What is needed is an exact repetition of the lines below, from the first one through the one holding "with BuildSketch(Plane.XY, mode=Mode.PRIVATE)", with no pictures and nothing else.

━━ Records ━━

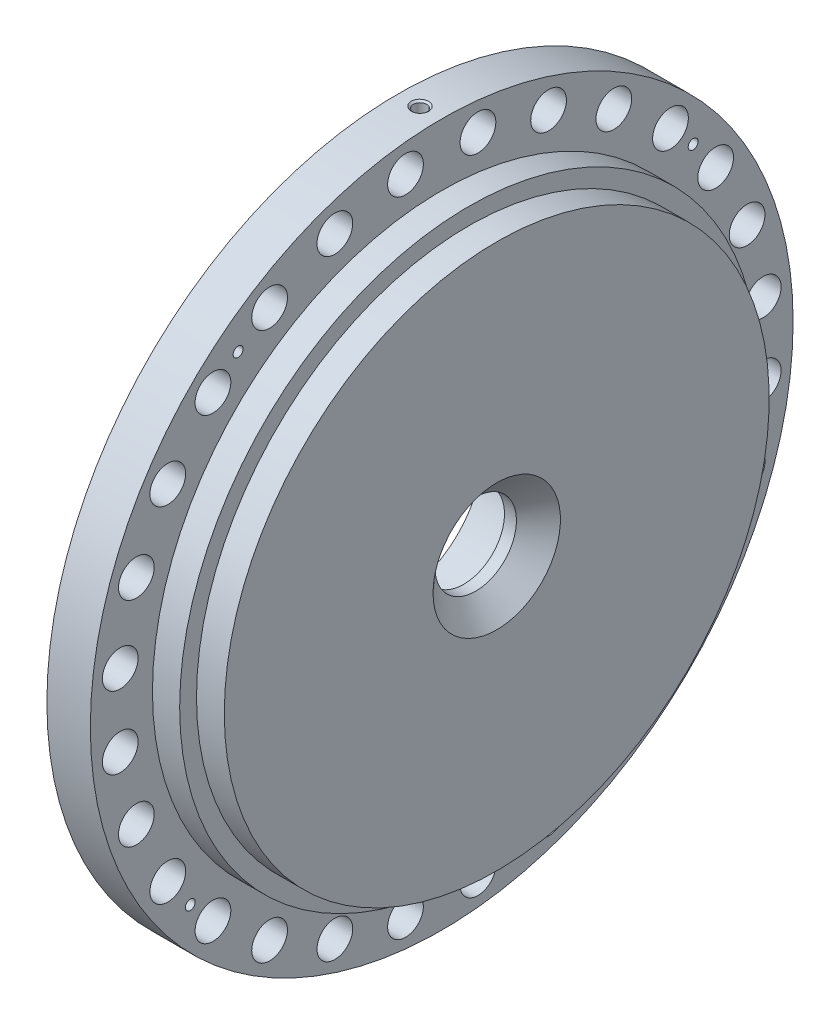
from build123d import *

# Parameters (mm, degrees)
SKETCH4_R                         = 14.2875
CUT_EXTRUDE1_DEPTH                = 406.190469782
CIRPATTERN2_COUNT                 = 28
CIRPATTERN3_COUNT                 = 12
CIRPATTERN4_COUNT                 = 4
CIRPATTERN5_COUNT                 = 4
F_1_2_13_TAPPED_HOLE4_D           = 10.71626
F_1_2_13_TAPPED_HOLE4_DEPTH       = 35.052
F_1_2_13_TAPPED_HOLE4_CSINK_D     = 13.97
F_1_2_13_TAPPED_HOLE4_CSINK_ANGLE = 100
F_1_2_13_TAPPED_HOLE4_TIP         = 3.219489309


with BuildPart() as part:
    # Sketch1 → Revolve1 (revolve)
    with BuildSketch(Plane.XY, mode=Mode.PRIVATE) as revolve1_sk:
        Polygon((-5.9944, 67.5005), (-5.9944, 180.9496), (0, 180.9496), (0, 228.9937), (-5.9944, 228.9937), (-5.9944, 281.051), (28.7528, 281.051), (28.7528, 231.3686), (50.5206, 231.3686), (50.5206, 217.9066), (72.7456, 217.9066), (72.7456, 50.9524), (55.9308, 32.5628), (46.4058, 32.5628), (46.4058, 67.5005), align=None)
    revolve(revolve1_sk.sketch.rotate(Axis((0, 0, 0), (1, 0, 0)), 90), axis=Axis((0, 0, 0), (1, 0, 0)))

    # Sketch4 → Cut-Extrude1 (cut, through all)
    with BuildSketch(Plane.ZY.offset(5.9944)):
        with Locations((28.972111579, 257.135466548)):
            Circle(SKETCH4_R)
    cut_extrude1 = extrude(amount=-CUT_EXTRUDE1_DEPTH, mode=Mode.SUBTRACT)

    # CirPattern2: Cut-Extrude1 ×28 about axis
    cirpattern2_axis = Axis((0, 0, 0), (1, 0, 0))
    for i in range(1, CIRPATTERN2_COUNT):
        add(cut_extrude1.rotate(cirpattern2_axis, i * 360 / CIRPATTERN2_COUNT), mode=Mode.SUBTRACT)

    # Sketch8 → 3/4-10 Tapped Hole1 (revolve, cut)
    with BuildSketch(Plane(origin=(0, 121.949427599, 166.490173083), x_dir=(0, 0, 1), z_dir=(0, 1, 0))):
        Polygon((0, 0), (0, 30.407416175), (8.33374, 25.4), (8.33374, 1.82626), (10.16, 0), align=None)
    f_3_4_10_tapped_hole1 = revolve(axis=Axis((-6.35, 121.949427599, 166.490173083), (1, 0, 0)), mode=Mode.SUBTRACT)

    # CirPattern3: 3/4-10 Tapped Hole1 ×12 about axis
    cirpattern3_axis = Axis((0, 0, 0), (1, 0, 0))
    for i in range(1, CIRPATTERN3_COUNT):
        add(f_3_4_10_tapped_hole1.rotate(cirpattern3_axis, i * 360 / CIRPATTERN3_COUNT), mode=Mode.SUBTRACT)

    # Sketch10 → 7/8-9 Tapped Hole1 (revolve, cut)
    with BuildSketch(Plane(origin=(-5.9944, 67.172315786, 67.172315786), x_dir=(0, 0, 1), z_dir=(0, 1, 0))):
        Polygon((0, 0), (0, 31.242239902), (9.72312, 25.4), (9.72312, 2.02438), (11.7475, 0), align=None)
    f_7_8_9_tapped_hole1 = revolve(axis=Axis((-12.3444, 67.172315786, 67.172315786), (1, 0, 0)), mode=Mode.SUBTRACT)

    # CirPattern4: 7/8-9 Tapped Hole1 ×4 about axis
    cirpattern4_axis = Axis((0, 0, 0), (1, 0, 0))
    for i in range(1, CIRPATTERN4_COUNT):
        add(f_7_8_9_tapped_hole1.rotate(cirpattern4_axis, i * 360 / CIRPATTERN4_COUNT), mode=Mode.SUBTRACT)

    # Sketch12 → Tap Drill for 3/8-16 Tap1 (revolve, cut)
    with BuildSketch(Plane(origin=(-5.9944, -162.844517689, 201.096231852), x_dir=(0, 0, 1), z_dir=(0, 1, 0))):
        Polygon((0, 0), (0, 43.024665582), (3.96875, 40.64), (3.96875, 0.635), (4.60375, 0), align=None)
    tap_drill_for_3_8_16_tap1 = revolve(axis=Axis((-12.3444, -162.844517689, 201.096231852), (1, 0, 0)), mode=Mode.SUBTRACT)

    # CirPattern5: Tap Drill for 3/8-16 Tap1 ×4 about axis
    cirpattern5_axis = Axis((0, 0, 0), (1, 0, 0))
    for i in range(1, CIRPATTERN5_COUNT):
        add(tap_drill_for_3_8_16_tap1.rotate(cirpattern5_axis, i * 360 / CIRPATTERN5_COUNT), mode=Mode.SUBTRACT)

    # 1/2-13 Tapped Hole4
    with Locations(Plane(origin=(11.3792, 281.051, 0), x_dir=(0, 0, 1), z_dir=(0, 1, 0))):
        with Locations((0, 0)):
            CounterSinkHole(F_1_2_13_TAPPED_HOLE4_D / 2, F_1_2_13_TAPPED_HOLE4_CSINK_D / 2, depth=F_1_2_13_TAPPED_HOLE4_DEPTH, counter_sink_angle=F_1_2_13_TAPPED_HOLE4_CSINK_ANGLE)
            with Locations((0, 0, -(F_1_2_13_TAPPED_HOLE4_DEPTH + F_1_2_13_TAPPED_HOLE4_TIP / 2))):  # 118° drill point
                Cone(0, F_1_2_13_TAPPED_HOLE4_D / 2, F_1_2_13_TAPPED_HOLE4_TIP, mode=Mode.SUBTRACT)


solid = part.part

━━━

### Task solution
from build123d import *

# Parameters (mm, degrees)
SKETCH4_R                         = 14.2875
CUT_EXTRUDE1_DEPTH                = 406.190469782
CIRPATTERN2_COUNT                 = 28
CIRPATTERN3_COUNT                 = 12
CIRPATTERN4_COUNT                 = 4
CIRPATTERN5_COUNT                 = 4
F_1_2_13_TAPPED_HOLE4_D           = 10.71626
F_1_2_13_TAPPED_HOLE4_DEPTH       = 35.052
F_1_2_13_TAPPED_HOLE4_CSINK_D     = 13.97
F_1_2_13_TAPPED_HOLE4_CSINK_ANGLE = 100
F_1_2_13_TAPPED_HOLE4_TIP         = 3.219489309


with BuildPart() as part:
    # Sketch1 → Revolve1 (revolve)
    with BuildSketch(Plane.XY, mode=Mode.PRIVATE) as revolve1_sk:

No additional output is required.